**WHAT YOU NEED TO DO**
Please copy exactly the lines from the top of the data through the line containing "atan_scale = 100", and nothing else.

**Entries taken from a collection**
------------------------------------
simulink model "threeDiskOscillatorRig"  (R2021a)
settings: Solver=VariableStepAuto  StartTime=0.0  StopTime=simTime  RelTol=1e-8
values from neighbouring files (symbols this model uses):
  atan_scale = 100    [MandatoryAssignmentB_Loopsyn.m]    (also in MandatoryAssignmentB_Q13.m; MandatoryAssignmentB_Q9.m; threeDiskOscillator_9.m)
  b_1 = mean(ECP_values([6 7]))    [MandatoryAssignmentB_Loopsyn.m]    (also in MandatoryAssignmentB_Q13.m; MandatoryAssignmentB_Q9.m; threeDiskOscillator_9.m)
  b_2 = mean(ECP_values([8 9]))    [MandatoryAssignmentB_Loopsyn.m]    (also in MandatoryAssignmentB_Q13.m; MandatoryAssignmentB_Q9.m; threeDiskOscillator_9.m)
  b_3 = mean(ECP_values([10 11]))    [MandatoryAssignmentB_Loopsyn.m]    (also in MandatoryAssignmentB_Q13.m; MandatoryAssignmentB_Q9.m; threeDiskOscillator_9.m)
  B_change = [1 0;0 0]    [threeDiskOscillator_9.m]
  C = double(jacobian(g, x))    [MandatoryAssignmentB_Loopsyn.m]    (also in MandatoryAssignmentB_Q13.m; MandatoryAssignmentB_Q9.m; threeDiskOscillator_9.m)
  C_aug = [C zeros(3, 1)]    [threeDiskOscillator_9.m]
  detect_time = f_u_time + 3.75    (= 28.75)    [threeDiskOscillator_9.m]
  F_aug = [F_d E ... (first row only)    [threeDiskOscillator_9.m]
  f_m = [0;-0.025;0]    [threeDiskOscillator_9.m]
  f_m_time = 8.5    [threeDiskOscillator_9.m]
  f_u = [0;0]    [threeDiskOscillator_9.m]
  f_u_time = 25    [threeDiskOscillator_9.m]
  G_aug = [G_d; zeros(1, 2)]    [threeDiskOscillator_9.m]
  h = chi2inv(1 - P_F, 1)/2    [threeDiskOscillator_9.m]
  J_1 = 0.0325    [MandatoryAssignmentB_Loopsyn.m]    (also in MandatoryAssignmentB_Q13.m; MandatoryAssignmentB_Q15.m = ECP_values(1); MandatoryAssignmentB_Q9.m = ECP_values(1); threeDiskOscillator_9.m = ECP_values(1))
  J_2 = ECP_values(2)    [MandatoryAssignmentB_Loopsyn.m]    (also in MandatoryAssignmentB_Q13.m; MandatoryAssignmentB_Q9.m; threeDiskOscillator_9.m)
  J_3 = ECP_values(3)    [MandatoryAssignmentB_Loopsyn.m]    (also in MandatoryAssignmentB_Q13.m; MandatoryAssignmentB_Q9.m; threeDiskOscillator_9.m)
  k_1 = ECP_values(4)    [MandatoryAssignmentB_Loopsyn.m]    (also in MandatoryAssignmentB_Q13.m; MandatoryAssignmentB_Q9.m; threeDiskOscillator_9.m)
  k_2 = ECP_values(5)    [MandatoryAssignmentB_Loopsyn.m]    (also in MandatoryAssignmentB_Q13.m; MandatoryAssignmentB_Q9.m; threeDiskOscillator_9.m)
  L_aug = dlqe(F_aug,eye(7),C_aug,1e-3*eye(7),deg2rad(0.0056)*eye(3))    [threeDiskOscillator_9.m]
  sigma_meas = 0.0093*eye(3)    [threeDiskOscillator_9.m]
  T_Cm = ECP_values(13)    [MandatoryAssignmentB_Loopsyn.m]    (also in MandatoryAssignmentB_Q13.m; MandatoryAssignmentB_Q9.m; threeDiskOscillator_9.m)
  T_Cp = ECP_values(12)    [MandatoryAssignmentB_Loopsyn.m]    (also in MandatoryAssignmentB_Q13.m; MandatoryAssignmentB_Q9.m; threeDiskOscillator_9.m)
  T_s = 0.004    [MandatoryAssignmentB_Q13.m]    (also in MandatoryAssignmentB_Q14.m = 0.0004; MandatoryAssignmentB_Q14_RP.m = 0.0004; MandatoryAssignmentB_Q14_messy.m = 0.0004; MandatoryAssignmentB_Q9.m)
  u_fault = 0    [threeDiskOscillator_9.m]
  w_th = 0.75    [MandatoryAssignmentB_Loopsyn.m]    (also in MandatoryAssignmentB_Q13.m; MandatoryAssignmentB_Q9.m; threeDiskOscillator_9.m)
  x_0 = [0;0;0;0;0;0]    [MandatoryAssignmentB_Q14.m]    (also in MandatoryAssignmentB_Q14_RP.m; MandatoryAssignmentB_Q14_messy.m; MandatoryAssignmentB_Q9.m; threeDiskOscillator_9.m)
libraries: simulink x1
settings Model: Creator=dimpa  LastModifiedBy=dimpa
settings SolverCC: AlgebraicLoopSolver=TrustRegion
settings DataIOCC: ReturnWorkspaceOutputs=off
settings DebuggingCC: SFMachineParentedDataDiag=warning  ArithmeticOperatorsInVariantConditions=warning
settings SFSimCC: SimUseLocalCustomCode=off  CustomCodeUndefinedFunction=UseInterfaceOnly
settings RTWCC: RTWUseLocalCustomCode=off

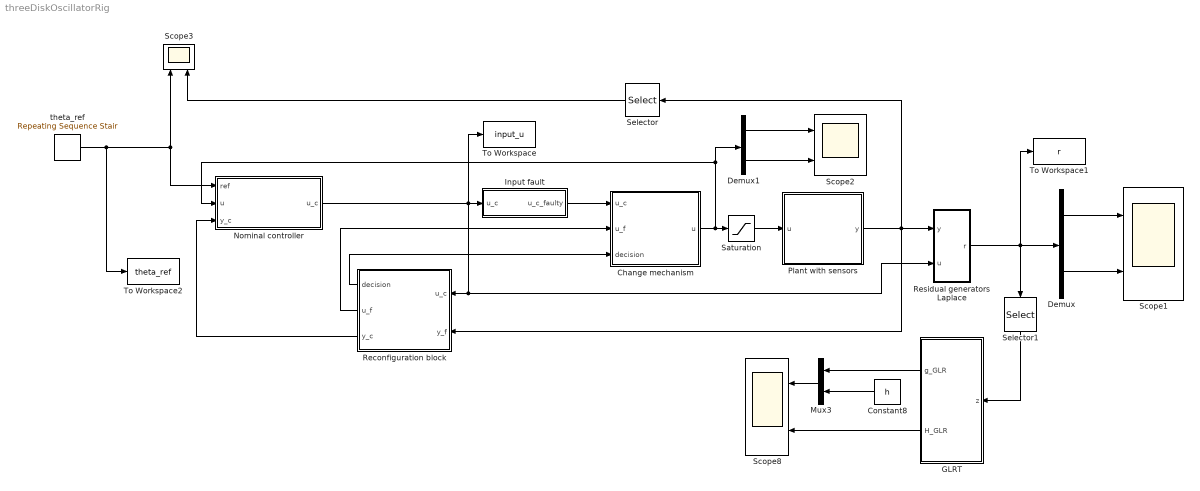
== system threeDiskOscillatorRig ==
  Change mechanism : Subsystem
  Constant8 : Constant  Value=h
  Demux : Demux  Outputs=2
  Demux1 : Demux  Outputs=2
  GLRT : Subsystem
  Input fault : Subsystem
  Mux3 : Mux  Inputs=2
  Nominal controller : Subsystem
  Plant with sensors : Subsystem
  Reconfiguration block : Subsystem
  Residual generators Laplace : Subsystem
  Saturation : Saturate  UpperLimit=2  LowerLimit=-2
  Scope{1..3,8} (4 alike) : Scope  NumInputPorts=2
  Selector : Selector  InputPortWidth=3  IndexOptions=Index vector (dialog)  Indices=[3]  OutputSizes=1
  Selector1 : Selector  InputPortWidth=2  IndexOptions=Index vector (dialog)  Indices=[2]  OutputSizes=1
  To Workspace : ToWorkspace  VariableName=input_u  SaveFormat=Timeseries  SampleTime=T_s
  To Workspace1 : ToWorkspace  VariableName=r  SaveFormat=Timeseries  SampleTime=T_s
  To Workspace2 : ToWorkspace  VariableName=theta_ref  SaveFormat=Timeseries  SampleTime=T_s
  theta_ref : simulink/Sources/Repeating Sequence Stair  OutValues=[0 1.57 0]  tsamp=5  OutMin=[]  OutMax=[]  OutDataTypeStr=double  OutputDataTypeScalingMode=double  OutDataType=fixdt(0,8)  ConRadixGroup=Best Precision: Vector-wise  OutScaling=2^-12
  wires:
  Selector/1 -> Scope3/2
  Saturation/1 -> Plant with sensors/1(u)
  theta_ref/1 -> Nominal controller/1(ref), Scope3/1, To Workspace2/1
  Plant with sensors/1(y) -> Reconfiguration block/2(y_f), Residual generators Laplace/1(y), Selector/1
  Residual generators Laplace/1(r) -> Selector1/1, Demux/1, To Workspace1/1
  GLRT/1(g_GLR) -> Mux3/1
  GLRT/2(H_GLR) -> Scope8/2
  Constant8/1 -> Mux3/2
  Mux3/1 -> Scope8/1
  Selector1/1 -> GLRT/1(z)
  Demux/1 -> Scope1/1
  Demux/2 -> Scope1/2
  Demux1/1 -> Scope2/1
  Demux1/2 -> Scope2/2
  Nominal controller/1(u_c) -> Input fault/1(u_c), Residual generators Laplace/2(u), Reconfiguration block/1(u_c), To Workspace/1
  Reconfiguration block/3(y_c) -> Nominal controller/3(y_c)
  Change mechanism/1(u) -> Nominal controller/2(u), Demux1/1, Saturation/1
  Input fault/1(u_c_faulty) -> Change mechanism/1(u_c)
  Reconfiguration block/1(decision) -> Change mechanism/3(decision)
  Reconfiguration block/2(u_f) -> Change mechanism/2(u_f)

== system threeDiskOscillatorRig/Change mechanism ==
  u_c : Inport
  u_f : Inport  Port=2
  decision : Inport  Port=3
  Gain2 : Gain  Gain=B_change  Multiplication=Matrix(K*u) (u vector)
  Switch2 : Switch  OutDataTypeStr=double
  u : Outport
  wires:
  Gain2/1 -> Switch2/3
  decision/1 -> Switch2/2
  u_c/1 -> Switch2/1
  Switch2/1 -> u/1
  u_f/1 -> Gain2/1

== system threeDiskOscillatorRig/GLRT ==
  z : Inport
  g_GLR : Outport  VectorParamsAs1DForOutWhenUnconnected=off
  H_GLR : Outport  Port=2  VectorParamsAs1DForOutWhenUnconnected=off

== system threeDiskOscillatorRig/Input fault ==
  u_c : Inport
  Sum4 : Sum  Inputs=|++
  f_u : Step  Time=f_u_time  After=f_u  SampleTime=0
  u_c_faulty : Outport
  wires:
  f_u/1 -> Sum4/2
  u_c/1 -> Sum4/1
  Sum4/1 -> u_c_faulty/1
------------------------------------
**TASK OUTPUT**
simulink model "threeDiskOscillatorRig"  (R2021a)
settings: Solver=VariableStepAuto  StartTime=0.0  StopTime=simTime  RelTol=1e-8
values from neighbouring files (symbols this model uses):
  atan_scale = 100    [MandatoryAssignmentB_Loopsyn.m]    (also in MandatoryAssignmentB_Q13.m; MandatoryAssignmentB_Q9.m; threeDiskOscillator_9.m)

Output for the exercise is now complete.